In other words, the court accepted the records requested might potentially show the FBI has failed to comply with FOIA and, if that proves to be the case, such information is critically important, particularly to those whose work depends on obtaining records through FOIA.
Why is it so important for Americans to defend FOIA and appreciate court decisions like this one?
“The Freedom of Information Act is one of the most underappreciated elements of the entire American experiment,” Shapiro declared. “The notion that the records of government are the property of the people, and all we need to do to get them is to ask, is radically democratic. FOIA must not only be defended against the FBI and others who view transparency as a threat, but strengthened, and dramatically expanded.
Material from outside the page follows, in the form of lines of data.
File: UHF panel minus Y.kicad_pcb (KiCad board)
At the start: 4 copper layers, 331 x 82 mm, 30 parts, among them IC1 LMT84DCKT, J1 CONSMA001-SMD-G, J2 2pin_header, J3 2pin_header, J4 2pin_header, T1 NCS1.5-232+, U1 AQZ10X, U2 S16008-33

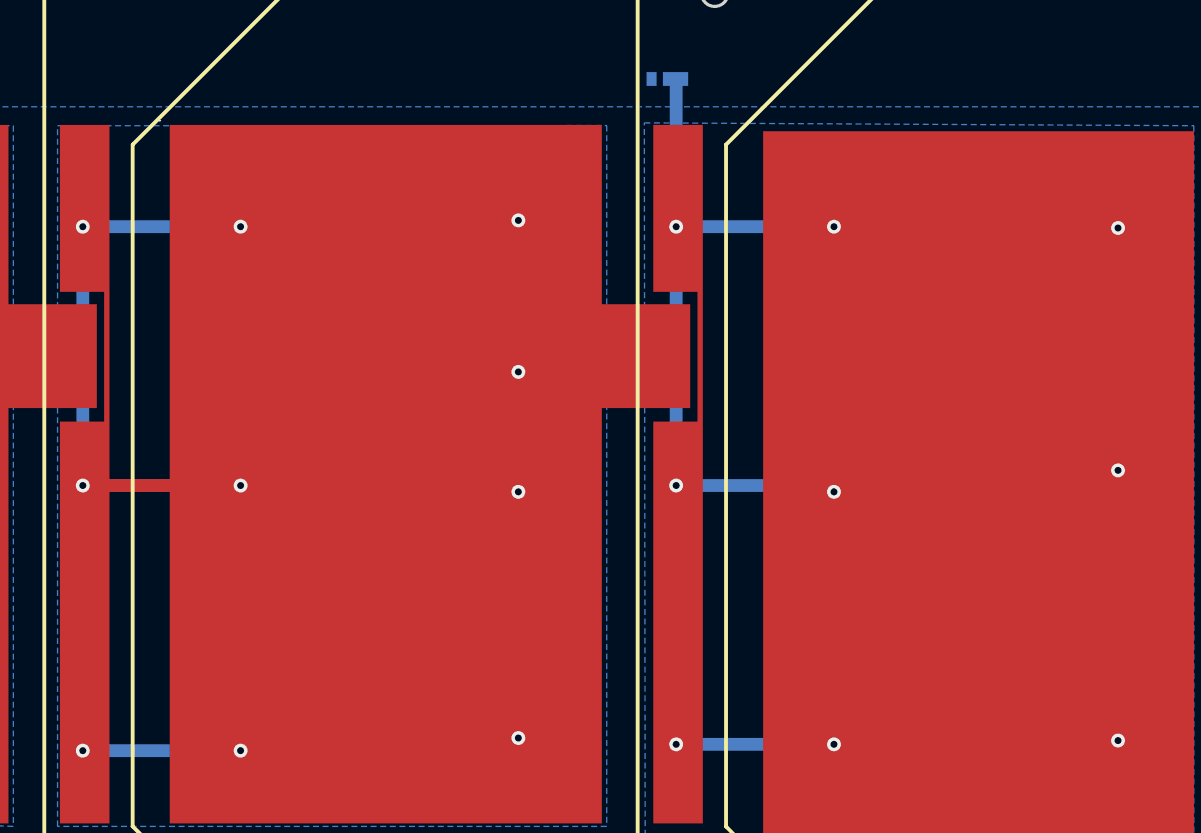
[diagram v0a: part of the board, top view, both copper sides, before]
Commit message: Fix solar cell connections
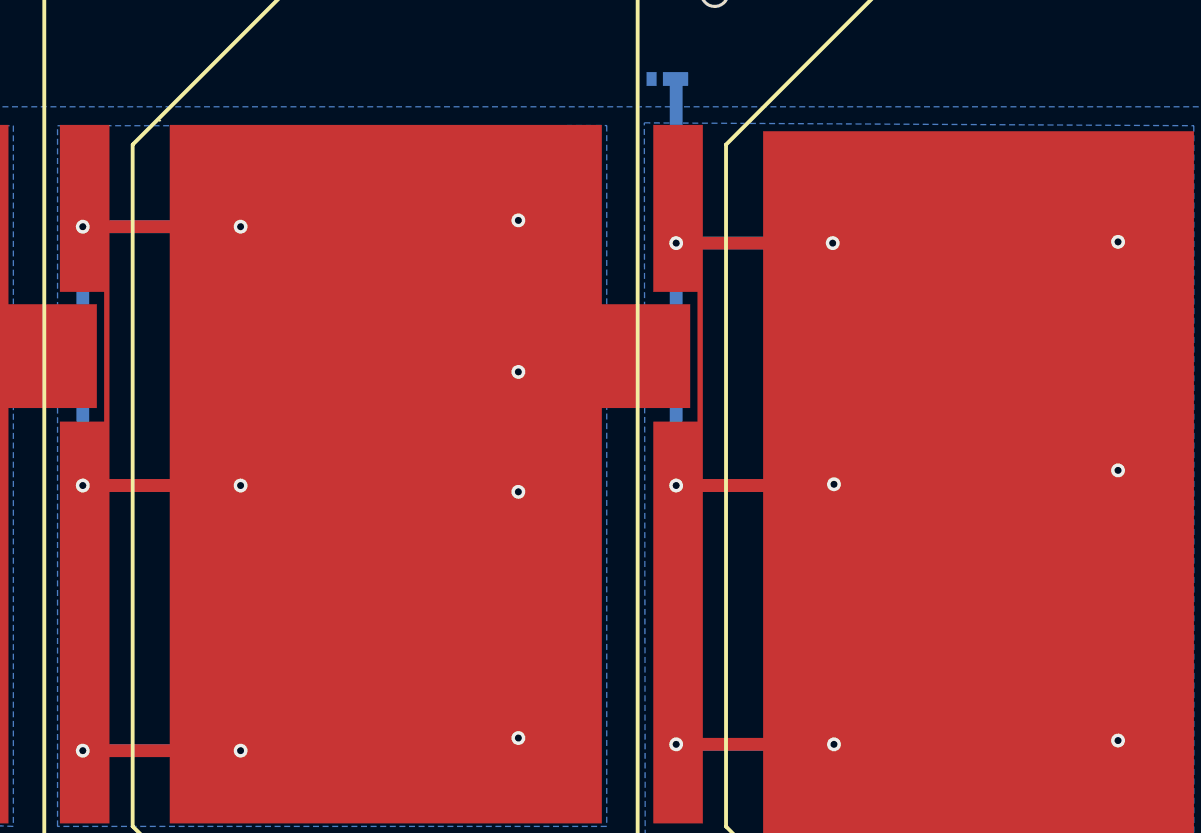
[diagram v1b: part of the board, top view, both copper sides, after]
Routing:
- net /VC: track 207.3 -> 243.0 mm
- net /VB: track 222.6 -> 247.6 mm
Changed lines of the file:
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@@
+	)
+	(segment
+		(start 136.58 161.36)
+		(end 149.08 161.36)
+		(width 1.016)
+		(layer "F.Cu")
+		(net 7)
 	)
 	(segment
@@
 	)
 	(segment
-		(start 149.08 141.36)
-		(end 149.58 140.86)
-		(width 1.016)
-		(layer "F.Cu")
-		(net 7)
-	)
-	(segment
 		(start 149.58 140.86)
 		(end 160.36 140.86)
@@
 		(net 7)
 	)
+	(segment
+		(start 136.58 121.66)
+		(end 148.98 121.66)
+		(width 1.016)
+		(layer "F.Cu")
+		(net 7)
+	)
+	(segment
+		(start 136.58 140.86)
+		(end 148.98 140.86)
+		(width 1.016)
+		(layer "F.Cu")
+		(net 7)
+	)
+	(segment
+		(start 149.48 140.76)
+		(end 149.58 140.86)
+		(width 1.016)
+		(layer "F.Cu")
+		(net 7)
+	)
+	(segment
+		(start 149.08 140.76)
+		(end 149.48 140.76)
+		(width 1.016)
+		(layer "F.Cu")
+		(net 7)
+	)
+	(segment
+		(start 148.98 140.86)
+		(end 149.08 140.76)
+		(width 1.016)
+		(layer "F.Cu")
+		(net 7)
+	)
 	(via
 		(at 171.58 139.66)
@@
 	)
 	(via
-		(at 171.58 120.46)
+		(at 171.58 121.56)
 		(size 1.1)
 		(drill 0.55)
@@
 	)
 	(via
-		(at 136.58 120.36)
-		(size 1.1)
-		(drill 0.55)
-		(layers "F.Cu" "B.Cu")
-		(net 7)
-	)
-	(via
-		(at 149.08 120.36)
-		(size 1.1)
-		(drill 0.55)
-		(layers "F.Cu" "B.Cu")
-		(net 7)
-	)
-	(via
-		(at 149.08 141.36)
+		(at 136.58 121.66)
+		(size 1.1)
+		(drill 0.55)
+		(layers "F.Cu" "B.Cu")
+		(net 7)
+	)
+	(via
+		(at 148.98 121.66)
+		(size 1.1)
+		(drill 0.55)
+		(layers "F.Cu" "B.Cu")
+		(net 7)
+	)
+	(via
+		(at 149.08 140.76)
 		(size 1.1)
 		(drill 0.55)
@@
 		(drill 0.55)
 		(layers "F.Cu" "B.Cu")
+		(net 7)
+	)
+	(segment
+		(start 148.58 140.86)
+		(end 136.58 140.86)
+		(width 1.016)
+		(layer "B.Cu")
+		(net 7)
+	)
+	(segment
+		(start 171.58 161.06)
+		(end 171.58 139.66)
+		(width 1.016)
+		(layer "B.Cu")
+		(net 7)
+	)
+	(segment
+		(start 136.58 140.86)
+		(end 136.58 121.66)
+		(width 1.016)
+		(layer "B.Cu")
+		(net 7)
+	)
+	(segment
+		(start 136.53 108.86)
+		(end 136.53 108.66)
+		(width 1.016)
+		(layer "B.Cu")
+		(net 7)
+	)
+	(segment
+		(start 149.08 140.76)
+		(end 149.08 121.76)
+		(width 1.016)
+		(layer "B.Cu")
+		(net 7)
+	)
+	(segment
+		(start 171.58 139.66)
+		(end 171.58 121.56)
+		(width 1.016)
+		(layer "B.Cu")
+		(net 7)
+	)
+	(segment
+		(start 136.58 161.36)
+		(end 136.58 140.86)
+		(width 1.016)
+		(layer "B.Cu")
 		(net 7)
 	)
@@
 	)
 	(segment
-		(start 149.08 141.36)
-		(end 149.08 120.36)
-		(width 1.016)
-		(layer "B.Cu")
-		(net 7)
-	)
-	(segment
-		(start 136.53 108.86)
-		(end 136.53 108.66)
-		(width 1.016)
-		(layer "B.Cu")
-		(net 7)
-	)
-	(segment
-		(start 171.58 120.46)
-		(end 170.18 119.06)
-		(width 1.016)
-		(layer "B.Cu")
-		(net 7)
-	)
-	(segment
-		(start 171.58 161.06)
-		(end 171.58 139.66)
+		(start 136.58 121.66)
+		(end 148.98 121.66)
+		(width 1.016)
+		(layer "B.Cu")
+		(net 7)
+	)
+	(segment
+		(start 171.58 121.56)
+		(end 169.08 119.06)
+		(width 1.016)
+		(layer "B.Cu")
+		(net 7)
+	)
+	(segment
+		(start 149.08 121.76)
+		(end 148.98 121.66)
+		(width 1.016)
+		(layer "B.Cu")
+		(net 7)
+	)
+	(segment
+		(start 169.08 119.06)
+		(end 151.58 119.06)
+		(width 1.016)
+		(layer "B.Cu")
+		(net 7)
+	)
+	(segment
+		(start 148.68 140.76)
+		(end 148.58 140.86)
 		(width 1.016)
 		(layer "B.Cu")
@@
 	(segment
 		(start 149.08 161.36)
-		(end 149.08 141.36)
+		(end 149.08 140.76)
+		(width 1.016)
+		(layer "B.Cu")
+		(net 7)
+	)
+	(segment
+		(start 136.58 121.66)
+		(end 136.58 108.91)
 		(width 1.016)
 		(layer "B.Cu")
@@
 	)
 	(segment
-		(start 136.58 140.86)
-		(end 136.58 120.36)
-		(width 1.016)
-		(layer "B.Cu")
-		(net 7)
-	)
-	(segment
-		(start 136.58 120.36)
-		(end 136.58 108.91)
-		(width 1.016)
-		(layer "B.Cu")
-		(net 7)
-	)
-	(segment
-		(start 136.58 161.36)
-		(end 136.58 140.86)
-		(width 1.016)
-		(layer "B.Cu")
-		(net 7)
-	)
-	(segment
-		(start 150.38 119.06)
-		(end 149.08 120.36)
-		(width 1.016)
-		(layer "B.Cu")
-		(net 7)
-	)
-	(segment
-		(start 136.58 120.36)
-		(end 149.08 120.36)
-		(width 1.016)
-		(layer "B.Cu")
-		(net 7)
-	)
-	(segment
-		(start 136.58 140.86)
-		(end 148.58 140.86)
-		(width 1.016)
-		(layer "B.Cu")
-		(net 7)
-	)
-	(segment
-		(start 170.18 119.06)
-		(end 150.38 119.06)
-		(width 1.016)
-		(layer "B.Cu")
-		(net 7)
-	)
-	(segment
-		(start 148.58 140.86)
-		(end 149.08 141.36)
-		(width 1.016)
-		(layer "B.Cu")
-		(net 7)
-	)
-	(segment
-		(start 171.58 139.66)
-		(end 171.58 120.46)
+		(start 149.08 140.76)
+		(end 148.68 140.76)
+		(width 1.016)
+		(layer "B.Cu")
+		(net 7)
+	)
+	(segment
+		(start 151.58 119.06)
+		(end 148.98 121.66)
 		(width 1.016)
 		(layer "B.Cu")
@@
 	)
 	(segment
+		(start 89.53 120.36)
+		(end 102.08 120.36)
+		(width 1.016)
+		(layer "F.Cu")
+		(net 13)
+	)
+	(segment
 		(start 112.17 140.86)
 		(end 113.31 139.72)
@@
 	)
 	(segment
+		(start 89.58 161.86)
+		(end 102.08 161.86)
+		(width 1.016)
+		(layer "F.Cu")
+		(net 13)
+	)
+	(segment
 		(start 102.08 140.86)
 		(end 112.17 140.86)
@@
 	)
 	(segment
+		(start 89.58 140.86)
+		(end 89.58 161.86)
+		(width 1.016)
+		(layer "B.Cu")
+		(net 13)
+	)
+	(segment
+		(start 102.08 161.86)
+		(end 102.08 140.86)
+		(width 1.016)
+		(layer "B.Cu")
+		(net 13)
+	)
+	(segment
+		(start 89.58 120.36)
+		(end 102.08 120.36)
+		(width 1.016)
+		(layer "B.Cu")
+		(net 13)
+	)
+	(segment
+		(start 124.08 160.86)
+		(end 124.08 141.36)
+		(width 1.016)
+		(layer "B.Cu")
+		(net 13)
+	)
+	(segment
 		(start 89.58 161.86)
 		(end 102.08 161.86)
 		(width 1.016)
 		(layer "B.Cu")
-		(net 13)
-	)
-	(segment
-		(start 89.58 140.86)
-		(end 89.58 161.86)
-		(width 1.016)
-		(layer "B.Cu")
-		(net 13)
-	)
-	(segment
-		(start 102.08 161.86)
-		(end 102.08 140.86)
-		(width 1.016)
-		(layer "B.Cu")
-		(net 13)
-	)
-	(segment
-		(start 89.58 120.36)
-		(end 102.08 120.36)
-		(width 1.016)
-		(layer "B.Cu")
-		(net 13)
-	)
-	(segment
-		(start 124.08 160.86)
-		(end 124.08 141.36)
-		(width 1.016)
-		(layer "B.Cu")

The viability of our democracy may depend upon it.”
For additional context, agencies are able to use something known as a “Glomar” to neither confirm nor deny records. The records agencies try to prevent from release with a Glomar typically involve law enforcement or national security matters.
The FBI in this case tried to invent a super Glomar that would enable the agency to prevent requesters from ever obtaining entire categories of records. This is something Congress never intended when FOIA was established and, fortunately, the judge recognized the FBI’s tactics and smacked them down.
Now, as a result of the decision, the FBI is required to release records about searches for records. The agency also cannot conjure an exemption to conceal any record it may want to keep from the public.
The outcome makes it “easier for requesters to prove the FBI has conducted an inadequate search, which hopefully will incentivize the FBI to conduct less deficient searches in general,” Shapiro concluded.
It is unknown whether the Justice Department will appeal and continue to support the FBI’s efforts to undermine and devastate FOIA.